Second problem is portability. If your environment has pthread library,
but there are some difference from other pthread system in detail.
Third problem is absence of callcc (which is implemented with green
thread scheme) ... for some people :)
Programming on native thread has own difficulty. For example, on MacOS
X, exec() doesn't work (cause exception) if other threads are running
(one of portability problem). If we find critical problems on native
thread, I will make green thread version on trunk (YARV).
-
Are there plans to support other threading models in the future?
- Matz:
-
Other threading model, no. Win32 threads and pthreads are enough
burden for us to support. There might be other features to support
parallelism in the future, for example light-weight process a la
Erlang.
Koichi may have other idea(s) about supporting concurrency, such as
Multi-VM since he is the expert on it.
-
- ko1:
-
Parallel computing with Ruby is one of my main concern. There are some
way to do it, but running Ruby threads in parallel (without Giant VM
Lock) on a process is too difficult to support current C extension
libraries because of their synchronization problems.
As matz say, if we have multiple VM instance on a process, these VMs can
be run in parallel. I'll work on that theme in the near future (as my
research topic).
BTW, I wrote on last question, if there are many many problems on native
threads, I'll implement green thread. As you know, it's has some
benefit against native thread (lightweight thread creation, etc). It
will be lovely hack (FYI. my graduation thesis is to implement userlevel
thread library on our specific SMT CPU).
... Does anyone have interest to implement it?
-
I would like to see another group spin-off immediately to address High Performance Ruby. YARV's 3 fold gain is an incredible feat of solitary hacking, but the price is too high. Ruby's future is at risk of becoming irrelevant as 2, 4, and soon 8 core solutions become common place. YARV's value delivered over time is being rapidly outpaced by the change in semiconductor computational scaling. Each core doubling halves any speadup gain YARV offers. Many language competitors (fortress, erlang, haskell, scala, ...) all offer solutions to this problem now.
Industry is not very forgiving, and rarely gives out second chances. Ruby has a chance to become a mainstream solution thanks to Rails showing a wider audience how wonderfully productive the language is. Either Ruby moves forward to match competition, or it becomes a really cool has been.

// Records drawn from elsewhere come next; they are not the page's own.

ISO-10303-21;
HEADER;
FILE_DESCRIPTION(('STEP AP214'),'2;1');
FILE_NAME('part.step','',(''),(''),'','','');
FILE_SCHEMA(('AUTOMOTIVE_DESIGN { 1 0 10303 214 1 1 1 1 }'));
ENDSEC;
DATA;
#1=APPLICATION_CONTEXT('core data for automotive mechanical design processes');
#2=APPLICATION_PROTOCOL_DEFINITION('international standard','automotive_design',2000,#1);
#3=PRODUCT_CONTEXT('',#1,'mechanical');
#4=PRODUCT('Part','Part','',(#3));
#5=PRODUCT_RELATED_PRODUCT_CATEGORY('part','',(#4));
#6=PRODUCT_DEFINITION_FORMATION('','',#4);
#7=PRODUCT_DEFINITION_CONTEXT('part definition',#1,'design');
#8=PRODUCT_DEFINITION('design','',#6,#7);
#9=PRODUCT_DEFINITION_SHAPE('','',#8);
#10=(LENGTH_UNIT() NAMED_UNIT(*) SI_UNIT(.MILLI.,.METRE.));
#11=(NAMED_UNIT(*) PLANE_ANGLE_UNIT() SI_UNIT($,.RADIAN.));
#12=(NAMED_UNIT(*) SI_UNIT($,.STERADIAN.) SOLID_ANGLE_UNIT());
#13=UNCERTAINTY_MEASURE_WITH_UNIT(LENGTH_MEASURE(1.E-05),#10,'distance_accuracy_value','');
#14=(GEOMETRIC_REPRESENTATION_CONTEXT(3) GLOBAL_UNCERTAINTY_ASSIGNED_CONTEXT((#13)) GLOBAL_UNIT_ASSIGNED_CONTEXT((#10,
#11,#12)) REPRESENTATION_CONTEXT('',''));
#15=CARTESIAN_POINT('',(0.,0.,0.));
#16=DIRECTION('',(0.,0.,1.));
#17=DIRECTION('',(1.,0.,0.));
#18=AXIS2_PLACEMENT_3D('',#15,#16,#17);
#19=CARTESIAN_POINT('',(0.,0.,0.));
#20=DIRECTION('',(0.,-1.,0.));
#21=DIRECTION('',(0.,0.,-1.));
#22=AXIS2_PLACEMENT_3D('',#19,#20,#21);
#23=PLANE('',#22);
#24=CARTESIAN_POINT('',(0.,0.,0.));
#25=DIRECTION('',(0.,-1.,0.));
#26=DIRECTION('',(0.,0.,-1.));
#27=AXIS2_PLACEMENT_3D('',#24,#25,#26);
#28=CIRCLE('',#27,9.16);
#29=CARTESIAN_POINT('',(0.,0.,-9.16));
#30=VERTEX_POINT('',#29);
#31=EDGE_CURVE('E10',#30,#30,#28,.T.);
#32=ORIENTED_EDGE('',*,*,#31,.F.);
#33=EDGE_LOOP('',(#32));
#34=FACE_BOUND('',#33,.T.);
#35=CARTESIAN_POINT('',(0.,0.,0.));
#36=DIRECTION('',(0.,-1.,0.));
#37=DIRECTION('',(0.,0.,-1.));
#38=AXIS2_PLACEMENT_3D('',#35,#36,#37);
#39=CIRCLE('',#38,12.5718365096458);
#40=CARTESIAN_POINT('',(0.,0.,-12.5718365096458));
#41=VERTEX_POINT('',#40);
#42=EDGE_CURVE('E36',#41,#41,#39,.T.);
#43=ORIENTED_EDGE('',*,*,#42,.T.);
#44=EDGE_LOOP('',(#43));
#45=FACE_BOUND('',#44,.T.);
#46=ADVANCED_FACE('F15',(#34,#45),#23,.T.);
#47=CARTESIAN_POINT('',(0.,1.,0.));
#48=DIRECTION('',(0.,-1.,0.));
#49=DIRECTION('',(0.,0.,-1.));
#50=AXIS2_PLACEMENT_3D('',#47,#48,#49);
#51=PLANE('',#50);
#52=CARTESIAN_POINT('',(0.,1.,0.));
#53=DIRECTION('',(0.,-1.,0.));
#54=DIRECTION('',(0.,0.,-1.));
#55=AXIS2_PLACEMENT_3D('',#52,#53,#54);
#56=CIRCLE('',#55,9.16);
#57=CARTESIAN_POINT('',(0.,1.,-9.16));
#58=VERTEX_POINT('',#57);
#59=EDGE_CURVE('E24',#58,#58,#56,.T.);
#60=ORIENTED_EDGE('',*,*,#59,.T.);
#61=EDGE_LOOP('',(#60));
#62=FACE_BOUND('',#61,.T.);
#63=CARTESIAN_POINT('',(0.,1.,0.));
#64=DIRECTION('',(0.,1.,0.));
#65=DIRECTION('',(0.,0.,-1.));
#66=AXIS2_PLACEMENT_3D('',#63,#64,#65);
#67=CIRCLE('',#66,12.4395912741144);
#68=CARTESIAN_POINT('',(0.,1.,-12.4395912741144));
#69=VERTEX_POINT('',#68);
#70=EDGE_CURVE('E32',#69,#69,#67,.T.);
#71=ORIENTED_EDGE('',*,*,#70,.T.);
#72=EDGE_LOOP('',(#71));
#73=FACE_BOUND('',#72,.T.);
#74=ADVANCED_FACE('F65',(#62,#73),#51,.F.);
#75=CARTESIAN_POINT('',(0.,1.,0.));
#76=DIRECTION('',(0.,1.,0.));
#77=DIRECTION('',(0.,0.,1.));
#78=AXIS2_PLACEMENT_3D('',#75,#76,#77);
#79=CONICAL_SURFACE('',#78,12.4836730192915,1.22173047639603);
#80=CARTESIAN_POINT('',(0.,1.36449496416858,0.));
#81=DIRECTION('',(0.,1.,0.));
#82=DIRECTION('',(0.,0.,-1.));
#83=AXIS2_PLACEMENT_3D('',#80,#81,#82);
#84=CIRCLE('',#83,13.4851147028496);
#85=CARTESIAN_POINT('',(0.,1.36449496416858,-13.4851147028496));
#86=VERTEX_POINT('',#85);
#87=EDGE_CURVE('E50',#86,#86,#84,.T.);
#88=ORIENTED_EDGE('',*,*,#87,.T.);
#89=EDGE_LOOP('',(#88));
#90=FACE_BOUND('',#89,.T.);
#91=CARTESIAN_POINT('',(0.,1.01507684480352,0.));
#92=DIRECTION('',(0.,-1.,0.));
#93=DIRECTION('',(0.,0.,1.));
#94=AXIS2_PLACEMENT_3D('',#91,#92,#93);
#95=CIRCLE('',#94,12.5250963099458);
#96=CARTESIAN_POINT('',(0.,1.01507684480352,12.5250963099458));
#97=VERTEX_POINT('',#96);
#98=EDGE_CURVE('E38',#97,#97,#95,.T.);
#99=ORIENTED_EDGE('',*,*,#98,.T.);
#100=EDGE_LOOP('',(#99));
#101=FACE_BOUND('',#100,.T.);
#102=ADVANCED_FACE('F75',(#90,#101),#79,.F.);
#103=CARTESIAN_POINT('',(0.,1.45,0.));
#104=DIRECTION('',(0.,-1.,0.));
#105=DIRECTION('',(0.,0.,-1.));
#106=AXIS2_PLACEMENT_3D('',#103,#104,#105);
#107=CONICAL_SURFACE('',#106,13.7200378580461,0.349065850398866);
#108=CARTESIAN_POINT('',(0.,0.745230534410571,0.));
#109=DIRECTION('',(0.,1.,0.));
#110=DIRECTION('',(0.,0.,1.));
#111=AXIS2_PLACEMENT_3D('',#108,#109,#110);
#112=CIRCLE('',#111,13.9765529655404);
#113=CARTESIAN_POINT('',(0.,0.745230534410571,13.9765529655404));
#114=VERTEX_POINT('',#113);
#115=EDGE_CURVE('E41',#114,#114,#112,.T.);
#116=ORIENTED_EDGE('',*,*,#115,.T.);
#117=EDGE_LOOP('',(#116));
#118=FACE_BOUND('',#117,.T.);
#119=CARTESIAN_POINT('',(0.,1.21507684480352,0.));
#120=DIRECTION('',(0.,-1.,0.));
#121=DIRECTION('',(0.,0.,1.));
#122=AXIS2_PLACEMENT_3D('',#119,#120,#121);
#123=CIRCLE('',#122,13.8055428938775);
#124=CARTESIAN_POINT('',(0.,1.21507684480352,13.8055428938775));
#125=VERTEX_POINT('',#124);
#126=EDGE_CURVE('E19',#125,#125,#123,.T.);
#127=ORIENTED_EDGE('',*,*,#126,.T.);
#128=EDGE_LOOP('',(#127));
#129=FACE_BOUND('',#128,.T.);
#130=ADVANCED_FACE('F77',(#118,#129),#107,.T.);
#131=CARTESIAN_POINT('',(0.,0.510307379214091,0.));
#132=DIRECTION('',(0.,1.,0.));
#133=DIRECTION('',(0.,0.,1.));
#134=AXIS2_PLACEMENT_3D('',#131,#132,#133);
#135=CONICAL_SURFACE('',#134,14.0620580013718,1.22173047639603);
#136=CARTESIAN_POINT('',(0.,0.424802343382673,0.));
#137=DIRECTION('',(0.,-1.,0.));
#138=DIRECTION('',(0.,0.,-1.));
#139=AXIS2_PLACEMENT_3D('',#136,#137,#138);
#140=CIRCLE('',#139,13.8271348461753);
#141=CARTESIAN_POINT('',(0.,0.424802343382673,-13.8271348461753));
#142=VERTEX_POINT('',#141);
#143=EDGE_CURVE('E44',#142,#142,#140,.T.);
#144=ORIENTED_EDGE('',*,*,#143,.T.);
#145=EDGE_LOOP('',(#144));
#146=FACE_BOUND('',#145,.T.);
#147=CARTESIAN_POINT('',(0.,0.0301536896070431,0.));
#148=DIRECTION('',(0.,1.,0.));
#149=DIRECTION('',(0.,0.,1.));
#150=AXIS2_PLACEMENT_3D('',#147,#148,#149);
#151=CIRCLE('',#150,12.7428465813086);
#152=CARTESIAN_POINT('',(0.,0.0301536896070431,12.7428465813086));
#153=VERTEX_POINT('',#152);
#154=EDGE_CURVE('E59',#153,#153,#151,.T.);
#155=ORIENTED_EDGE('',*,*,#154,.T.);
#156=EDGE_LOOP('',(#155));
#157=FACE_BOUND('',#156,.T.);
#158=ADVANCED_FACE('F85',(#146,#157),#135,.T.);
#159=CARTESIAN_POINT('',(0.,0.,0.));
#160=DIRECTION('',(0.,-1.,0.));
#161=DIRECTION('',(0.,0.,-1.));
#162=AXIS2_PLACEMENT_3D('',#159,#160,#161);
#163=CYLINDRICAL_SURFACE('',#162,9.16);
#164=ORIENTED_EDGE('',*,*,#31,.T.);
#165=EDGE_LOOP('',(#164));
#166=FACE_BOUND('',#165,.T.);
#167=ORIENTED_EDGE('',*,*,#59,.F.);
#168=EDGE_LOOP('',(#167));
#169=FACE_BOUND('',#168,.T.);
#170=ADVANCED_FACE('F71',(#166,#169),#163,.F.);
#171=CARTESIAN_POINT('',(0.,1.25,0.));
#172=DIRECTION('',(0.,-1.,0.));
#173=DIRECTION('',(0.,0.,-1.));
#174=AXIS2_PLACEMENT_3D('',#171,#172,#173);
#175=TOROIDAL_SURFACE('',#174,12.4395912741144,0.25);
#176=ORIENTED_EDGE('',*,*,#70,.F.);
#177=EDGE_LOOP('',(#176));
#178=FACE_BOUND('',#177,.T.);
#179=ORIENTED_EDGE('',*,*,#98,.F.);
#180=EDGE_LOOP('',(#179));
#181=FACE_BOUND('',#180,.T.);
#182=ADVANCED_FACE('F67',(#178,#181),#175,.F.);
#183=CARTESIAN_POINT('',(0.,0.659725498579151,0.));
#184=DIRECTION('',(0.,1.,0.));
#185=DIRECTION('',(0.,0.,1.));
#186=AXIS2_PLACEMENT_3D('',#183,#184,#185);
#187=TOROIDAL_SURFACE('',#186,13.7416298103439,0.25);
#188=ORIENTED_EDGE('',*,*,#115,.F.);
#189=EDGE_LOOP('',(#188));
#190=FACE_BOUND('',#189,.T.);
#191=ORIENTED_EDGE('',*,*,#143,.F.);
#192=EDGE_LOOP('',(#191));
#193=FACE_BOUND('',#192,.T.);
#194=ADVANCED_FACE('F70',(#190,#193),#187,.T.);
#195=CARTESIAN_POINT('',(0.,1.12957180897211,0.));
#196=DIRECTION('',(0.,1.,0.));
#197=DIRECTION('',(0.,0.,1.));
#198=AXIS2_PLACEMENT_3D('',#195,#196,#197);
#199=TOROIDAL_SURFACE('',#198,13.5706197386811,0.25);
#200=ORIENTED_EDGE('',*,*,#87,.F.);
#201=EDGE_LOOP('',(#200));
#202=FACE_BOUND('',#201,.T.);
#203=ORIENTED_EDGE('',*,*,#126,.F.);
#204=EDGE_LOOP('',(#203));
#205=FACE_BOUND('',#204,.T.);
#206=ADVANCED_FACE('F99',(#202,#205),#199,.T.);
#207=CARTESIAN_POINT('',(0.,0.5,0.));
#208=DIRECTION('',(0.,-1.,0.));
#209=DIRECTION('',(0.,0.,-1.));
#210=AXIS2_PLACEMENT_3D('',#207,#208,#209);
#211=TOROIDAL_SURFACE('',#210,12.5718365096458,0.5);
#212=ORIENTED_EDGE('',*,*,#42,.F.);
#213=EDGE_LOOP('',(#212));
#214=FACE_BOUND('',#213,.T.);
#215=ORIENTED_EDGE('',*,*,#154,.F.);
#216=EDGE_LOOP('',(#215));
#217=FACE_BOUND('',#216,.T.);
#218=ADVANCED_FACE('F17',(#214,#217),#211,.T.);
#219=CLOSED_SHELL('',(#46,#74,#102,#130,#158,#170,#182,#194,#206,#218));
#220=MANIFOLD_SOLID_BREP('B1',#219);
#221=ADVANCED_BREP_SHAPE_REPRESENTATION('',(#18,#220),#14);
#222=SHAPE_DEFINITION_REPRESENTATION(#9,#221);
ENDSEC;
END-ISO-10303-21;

Does anyone else see this as the defining moment of Ruby's future?
It was so sad to read this article. So sad to see the official ruby development purposefully repeating the same mistakes made by python.
It's not too late to switch back. Green threads can be made to work in an efficient matter, one needs to look no further then erlang and scala for examples.
I too predict many people will leave ruby once YARV comes out and these limitations become set in stone.
jherber,
I really disagree with your statement that "Ruby's future is at risk of becoming irrelevant as [multi] core solutions become common place". I deal with both Erlang and Ruby regularly and really it comes down to the best tool for the job. For everyday hacking uses, Ruby as it stands (with the ability to mixin any C code) works exceptionally well.
For the extenuating circumstances that require concurrency, simply change Ruby interpreters to something like JRuby (though I've never used java.util.concurrent though personally) or build a system that plays on the benefits of Erlang and Ruby both, using inter-process communication to hand off tasks in an RPC-esque model.
I think Matz and ko1 are heading in the right direction and the "concurrent Ruby" issue ignores the more important pragmatic approach to solving most problems.